SENTENCIA CONSTITUCIONAL PLURINACIONAL 0111/2018-S3
Fecha: 10-Abr-2018
1)
Daney David Valdivia Coria, Director Ejecutivo General a.i. de la AGIT, a través de sus representantes legales Christian Zambrana Ruiz, Juan Ticona Condori, Eliseo Santos Ochoa Urquizo, Ingrid Verónica Davezies Martínez, Ancira Arancibia Guzmán, Ronald Vargas Choque y Alenka Marioli Ibieta Pacheco, por informe escrito cursante de fs. 292 a 304, señaló que: 1) El art. 33 del Código Procesal Constitucional (CPCo), establece las exigencias del contenido de la acción de amparo constitucional, disponiendo entre otros aspectos, que debe: i) Ser interpuesta por escrito; y, ii) Contener la relación de los hechos e identificación de los derechos o garantías que se consideren vulnerados, mismos que deben ser revisados y observados.
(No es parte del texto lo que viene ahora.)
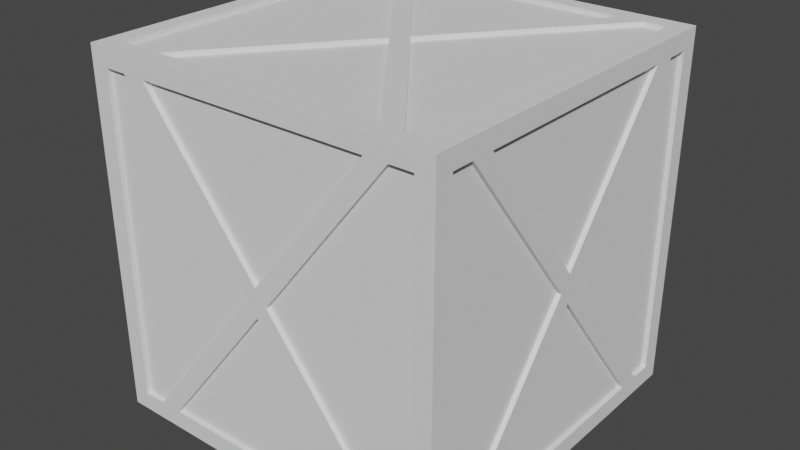 # Source: Woodcrate.blend  (saved by Blender 2.81.16; exported with 4.5.12 LTS)
import bpy
from mathutils import Matrix  # noqa: F401  (used for matrix-valued properties, if any)

bpy.ops.wm.read_factory_settings(use_empty=True)
scene = bpy.context.scene
scene.name = 'Scene'

# ---- collections
col_collection = bpy.data.collections.new('Collection'); scene.collection.children.link(col_collection)

# ---- world
world_world = bpy.data.worlds.new('World'); scene.world = world_world
world_world.use_nodes = True; world_world.node_tree.nodes.clear()
_N = world_world.node_tree.nodes; _L = world_world.node_tree.links
n0 = _N.new('ShaderNodeOutputWorld'); n0.name = 'World Output'; n0.location = (300, 300)
n1 = _N.new('ShaderNodeBackground'); n1.name = 'Background'; n1.location = (10, 300)
n1.inputs[0].default_value = (0.05088, 0.05088, 0.05088, 1.0)
_L.new(n1.outputs[0], n0.inputs[0])
n0.is_active_output = True
world_world.color = (0.05088, 0.05088, 0.05088)
world_world.use_sun_shadow = False
world_world.sun_shadow_jitter_overblur = 0.0

# ---- meshes
me_cube_002 = bpy.data.meshes.new('Cube.002')
me_cube_002.from_pydata([(1.0, 1.0, 2.0), (1.0, -0.9, 1.9), (1.0, -0.9, 0.1), (1.0, 0.9, 1.9), (1.0, 0.9, 0.1), (0.975, 0.9, 0.1), (0.975, -0.9, 0.1), (0.975, 0.9, 1.0), (0.975, -0.9, 1.0), (1.0, 0.65, 0.1), (1.0, 0.65, 1.9), (1.0, 0.775, 0.1), (1.0, 0.85, 0.0), (1.0, 0.775, 1.9), (1.0, -0.65, 1.9), (1.0, -0.7, 2.0), (1.0, -0.65, 0.1), (1.0, -0.7, 0.0), (1.0, -0.775, 1.9), (1.0, -0.775, 0.1), (1.0, -0.85, 0.0), (1.0, 0.0, 1.079), (1.0, 0.0, 0.9209), (1.0, 0.9, 1.0), (1.0, 1.0, 1.0), (1.0, -0.9, 1.0), (1.0, -1.0, 1.0), (1.0, -0.06225, 1.0), (1.0, 0.06225, 1.0), (0.975, -0.775, 1.9), (0.975, -0.9, 1.9), (0.975, 0.775, 0.1), (0.975, -0.06225, 1.0), (0.975, -0.65, 0.1), (0.975, 0.65, 0.1), (0.975, 0.9, 1.9), (0.975, 0.775, 1.9), (0.975, 0.65, 1.9), (0.975, -0.65, 1.9), (0.975, -0.775, 0.1), (0.975, 0.0, 0.9209), (0.975, 0.0, 1.079), (0.975, 0.06225, 1.0), (1.0, -1.0, 0.0), (-1.0, -1.0, 0.0), (-0.9, -1.0, 1.9), (-0.9, -1.0, 0.1), (0.9, -1.0, 1.9), (0.9, -1.0, 0.1), (0.9, -0.975, 0.1), (-0.9, -0.975, 0.1), (0.9, -0.975, 1.0), (-0.9, -0.975, 1.0), (0.65, -1.0, 0.1), (0.7, -1.0, 0.0), (0.65, -1.0, 1.9), (0.7, -1.0, 2.0), (0.775, -1.0, 0.1), (0.85, -1.0, 0.0), (0.775, -1.0, 1.9), (0.85, -1.0, 2.0), (-0.65, -1.0, 1.9), (-0.7, -1.0, 2.0), (-0.65, -1.0, 0.1), (-0.7, -1.0, 0.0), (-0.775, -1.0, 1.9), (-0.85, -1.0, 2.0), (-0.775, -1.0, 0.1), (-0.85, -1.0, 0.0), (-4.371e-08, -1.0, 1.079), (-4.371e-08, -1.0, 0.9209), (0.9, -1.0, 1.0), (-0.9, -1.0, 1.0), (-1.0, -1.0, 1.0), (-0.06225, -1.0, 1.0), (0.06225, -1.0, 1.0), (-0.775, -0.975, 1.9), (-0.9, -0.975, 1.9), (0.775, -0.975, 0.1), (-0.06225, -0.975, 1.0), (-0.65, -0.975, 0.1), (0.65, -0.975, 0.1), (0.9, -0.975, 1.9), (0.775, -0.975, 1.9), (0.65, -0.975, 1.9), (-0.65, -0.975, 1.9), (-0.775, -0.975, 0.1), (-4.262e-08, -0.975, 0.9209), (-4.262e-08, -0.975, 1.079), (0.06225, -0.975, 1.0), (-1.0, 1.0, 2.0), (-1.0, 1.0, 0.0), (0.9, 1.0, 1.9), (0.9, 1.0, 0.1), (-0.9, 1.0, 1.9), (-0.9, 1.0, 0.1), (-0.9, 0.975, 0.1), (0.9, 0.975, 0.1), (-0.9, 0.975, 1.0), (0.9, 0.975, 1.0), (-0.65, 1.0, 0.1), (-0.7, 1.0, 0.0), (-0.65, 1.0, 1.9), (-0.7, 1.0, 2.0), (-0.775, 1.0, 0.1), (-0.85, 1.0, 0.0), (-0.775, 1.0, 1.9), (-0.85, 1.0, 2.0), (0.65, 1.0, 1.9), (0.7, 1.0, 2.0), (0.65, 1.0, 0.1), (0.7, 1.0, 0.0), (0.775, 1.0, 1.9), (0.85, 1.0, 2.0), (0.775, 1.0, 0.1), (0.85, 1.0, 0.0), (-2.821e-07, 1.0, 1.079), (-2.821e-07, 1.0, 0.9209), (-0.9, 1.0, 1.0), (0.9, 1.0, 1.0), (0.06225, 1.0, 1.0), (-0.06225, 1.0, 1.0), (0.775, 0.975, 1.9), (0.9, 0.975, 1.9), (-0.775, 0.975, 0.1), (0.06225, 0.975, 1.0), (0.65, 0.975, 0.1), (-0.65, 0.975, 0.1), (-0.9, 0.975, 1.9), (-0.775, 0.975, 1.9), (-0.65, 0.975, 1.9), (0.65, 0.975, 1.9), (0.775, 0.975, 0.1), (-2.751e-07, 0.975, 0.9209), (-2.751e-07, 0.975, 1.079), (-0.06225, 0.975, 1.0), (-1.0, -1.0, 2.0), (-1.0, 0.9, 1.9), (-1.0, 0.9, 0.1), (-1.0, -0.9, 1.9), (-1.0, -0.9, 0.1), (-0.975, -0.9, 0.1), (-0.975, 0.9, 0.1), (-0.975, -0.9, 1.0), (-0.975, 0.9, 1.0), (-1.0, -0.65, 0.1), (-1.0, -0.7, 0.0), (-1.0, -0.65, 1.9), (-1.0, -0.7, 2.0), (-1.0, -0.775, 0.1), (-1.0, -0.85, 0.0), (-1.0, -0.775, 1.9), (-1.0, 0.65, 1.9), (-1.0, 0.7, 2.0), (-1.0, 0.65, 0.1), (-1.0, 0.775, 1.9), (-1.0, 0.775, 0.1), (-1.0, 3.179e-08, 1.079), (-1.0, 3.179e-08, 0.9209), (-1.0, -0.9, 1.0), (-1.0, 0.9, 1.0), (-1.0, 1.0, 1.0), (-1.0, 0.06225, 1.0), (-1.0, -0.06225, 1.0), (-0.975, 0.775, 1.9), (-0.975, 0.9, 1.9), (-0.975, -0.775, 0.1), (-0.975, 0.06225, 1.0), (-0.975, 0.65, 0.1), (-0.975, -0.65, 0.1), (-0.975, -0.9, 1.9), (-0.975, -0.775, 1.9), (-0.975, -0.65, 1.9), (-0.975, 0.65, 1.9), (-0.975, 0.775, 0.1), (-0.975, 3.099e-08, 0.9209), (-0.975, 3.099e-08, 1.079), (-0.975, -0.06225, 1.0), (1.0, -1.0, 2.0), (-0.9, -0.9, 2.0), (0.9, -0.9, 2.0), (-0.9, 0.9, 2.0), (0.9, 0.9, 2.0), (0.9, 0.9, 1.975), (0.9, -0.9, 1.975), (-3.218e-15, 0.9, 1.975), (-3.218e-15, -0.9, 1.975), (0.9, 0.65, 2.0), (1.0, 0.7, 2.0), (-0.9, 0.65, 2.0), (0.9, 0.775, 2.0), (1.0, 0.85, 2.0), (-0.9, 0.775, 2.0), (-1.0, 0.85, 2.0), (-0.9, -0.65, 2.0), (0.9, -0.65, 2.0), (-0.9, -0.775, 2.0), (-1.0, -0.85, 2.0), (0.9, -0.775, 2.0), (1.0, -0.85, 2.0), (-0.07905, -7.55e-08, 2.0), (0.07905, -7.55e-08, 2.0), (-3.3e-15, 0.9, 2.0), (-3.3e-15, 1.0, 2.0), (-3.3e-15, -0.9, 2.0), (-3.3e-15, -1.0, 2.0), (-3.3e-15, -0.06225, 2.0), (-3.3e-15, 0.06225, 2.0), (-0.9, -0.775, 1.975), (-0.9, -0.9, 1.975), (0.9, 0.775, 1.975), (-3.218e-15, -0.06225, 1.975), (0.9, -0.65, 1.975), (0.9, 0.65, 1.975), (-0.9, 0.9, 1.975), (-0.9, 0.775, 1.975), (-0.9, 0.65, 1.975), (-0.9, -0.65, 1.975), (0.9, -0.775, 1.975), (0.07905, -7.361e-08, 1.975), (-0.07905, -7.361e-08, 1.975), (-3.218e-15, 0.06225, 1.975), (1.0, 1.0, -1.192e-07), (-0.9, 0.9, -1.192e-07), (0.9, 0.9, -1.192e-07), (-0.9, -0.9, 5.96e-08), (0.9, -0.9, 5.96e-08), (0.9, -0.9, 0.025), (0.9, 0.9, 0.025), (7.868e-08, -0.9, 0.025), (-7.868e-08, 0.9, 0.025), (0.9, -0.65, 5.96e-08), (-0.9, -0.65, 5.96e-08), (0.9, -0.775, 5.96e-08), (-0.9, -0.775, 5.96e-08), (-0.9, 0.65, 0.0), (-1.0, 0.7, 0.0), (0.9, 0.65, 0.0), (1.0, 0.7, 0.0), (-0.9, 0.775, 0.0), (-1.0, 0.85, -1.192e-07), (0.9, 0.775, 0.0), (-0.07905, -8.241e-08, 0.0), (0.07905, -6.859e-08, 0.0), (7.868e-08, -0.9, 5.96e-08), (8.742e-08, -1.0, 5.96e-08), (-7.868e-08, 0.9, -1.192e-07), (-8.742e-08, 1.0, -1.192e-07), (-5.442e-09, 0.06225, 0.0), (5.442e-09, -0.06225, 0.0), (-0.9, 0.775, 0.025), (-0.9, 0.9, 0.025), (0.9, -0.775, 0.025), (-5.442e-09, 0.06225, 0.025), (0.9, 0.65, 0.025), (0.9, -0.65, 0.025), (-0.9, -0.9, 0.025), (-0.9, -0.775, 0.025), (-0.9, -0.65, 0.025), (-0.9, 0.65, 0.025), (0.9, 0.775, 0.025), (0.07905, -6.67e-08, 0.025), (-0.07905, -8.052e-08, 0.025), (5.442e-09, -0.06225, 0.025)], [], [(25, 1, 178, 26), (23, 4, 222, 24), (13, 3, 0, 191), (19, 2, 43, 20), (14, 21, 41, 38), (16, 17, 238, 9), (11, 9, 238, 12), (10, 14, 38, 37), (4, 11, 12, 222), (10, 13, 191, 188), (18, 14, 15, 199), (9, 22, 40, 34), (1, 18, 199, 178), (16, 19, 20, 17), (3, 23, 24, 0), (2, 25, 26, 43), (28, 21, 27, 22), (13, 10, 21, 28), (9, 11, 28, 22), (19, 16, 22, 27), (27, 21, 14, 18), (27, 18, 29, 32), (22, 16, 33, 40), (10, 188, 15, 14), (19, 27, 32, 39), (8, 6, 39, 32), (38, 41, 37), (34, 40, 33), (7, 42, 31, 5), (36, 42, 7, 35), (29, 30, 8, 32), (18, 1, 30, 29), (2, 19, 39, 6), (28, 11, 31, 42), (23, 3, 35, 7), (11, 4, 5, 31), (13, 28, 42, 36), (16, 9, 34, 33), (25, 2, 6, 8), (21, 10, 37, 41), (4, 23, 7, 5), (3, 13, 36, 35), (1, 25, 8, 30), (72, 45, 136, 73), (71, 48, 43, 26), (59, 47, 178, 60), (67, 46, 44, 68), (61, 69, 88, 85), (63, 64, 54, 53), (57, 53, 54, 58), (55, 61, 85, 84), (48, 57, 58, 43), (55, 59, 60, 56), (65, 61, 62, 66), (53, 70, 87, 81), (45, 65, 66, 136), (63, 67, 68, 64), (47, 71, 26, 178), (46, 72, 73, 44), (75, 69, 74, 70), (59, 55, 69, 75), (53, 57, 75, 70), (67, 63, 70, 74), (74, 69, 61, 65), (74, 65, 76, 79), (70, 63, 80, 87), (55, 56, 62, 61), (67, 74, 79, 86), (52, 50, 86, 79), (85, 88, 84), (81, 87, 80), (51, 89, 78, 49), (83, 89, 51, 82), (76, 77, 52, 79), (65, 45, 77, 76), (46, 67, 86, 50), (75, 57, 78, 89), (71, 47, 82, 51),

En el caso concreto, no se cumplió lo dispuesto, lo que da lugar a que el Tribunal Constitucional Plurinacional, así como el Tribunal de garantías, se vean imposibilitados de ingresar al análisis de fondo de la problemática planteada; 2) La parte accionante expuso agravios totalmente carentes de fundamento legal, que no demuestran en lo absoluto la supuesta lesión causada; lo cual, provoca que la misma sea declarada improcedente; 3) La parte accionante denunció agravios en base a argumentos meramente subjetivos, lo que hace que la acción de amparo constitucional carezca de relevancia constitucional; puesto que, la tutela requerida es inconsistente y totalmente carente de fundamento legal; 4) Es evidente que, la parte accionante pretende que el Tribunal de garantías se convierta en una instancia más, que verifique todo lo obrado en fase recursiva (alzada y jerárquica), así como lo obrado ante el Tribunal Supremo de Justicia tergiversando la naturaleza de la presente acción; y, 5) La supuesta afectación al derecho a la defensa que arguye no es evidente; habida cuenta que, conforme a los antecedentes expuestos, puede corroborarse de manera objetiva y concreta que la parte peticionante de tutela participó de manera activa en todo el proceso seguido en instancia administrativa.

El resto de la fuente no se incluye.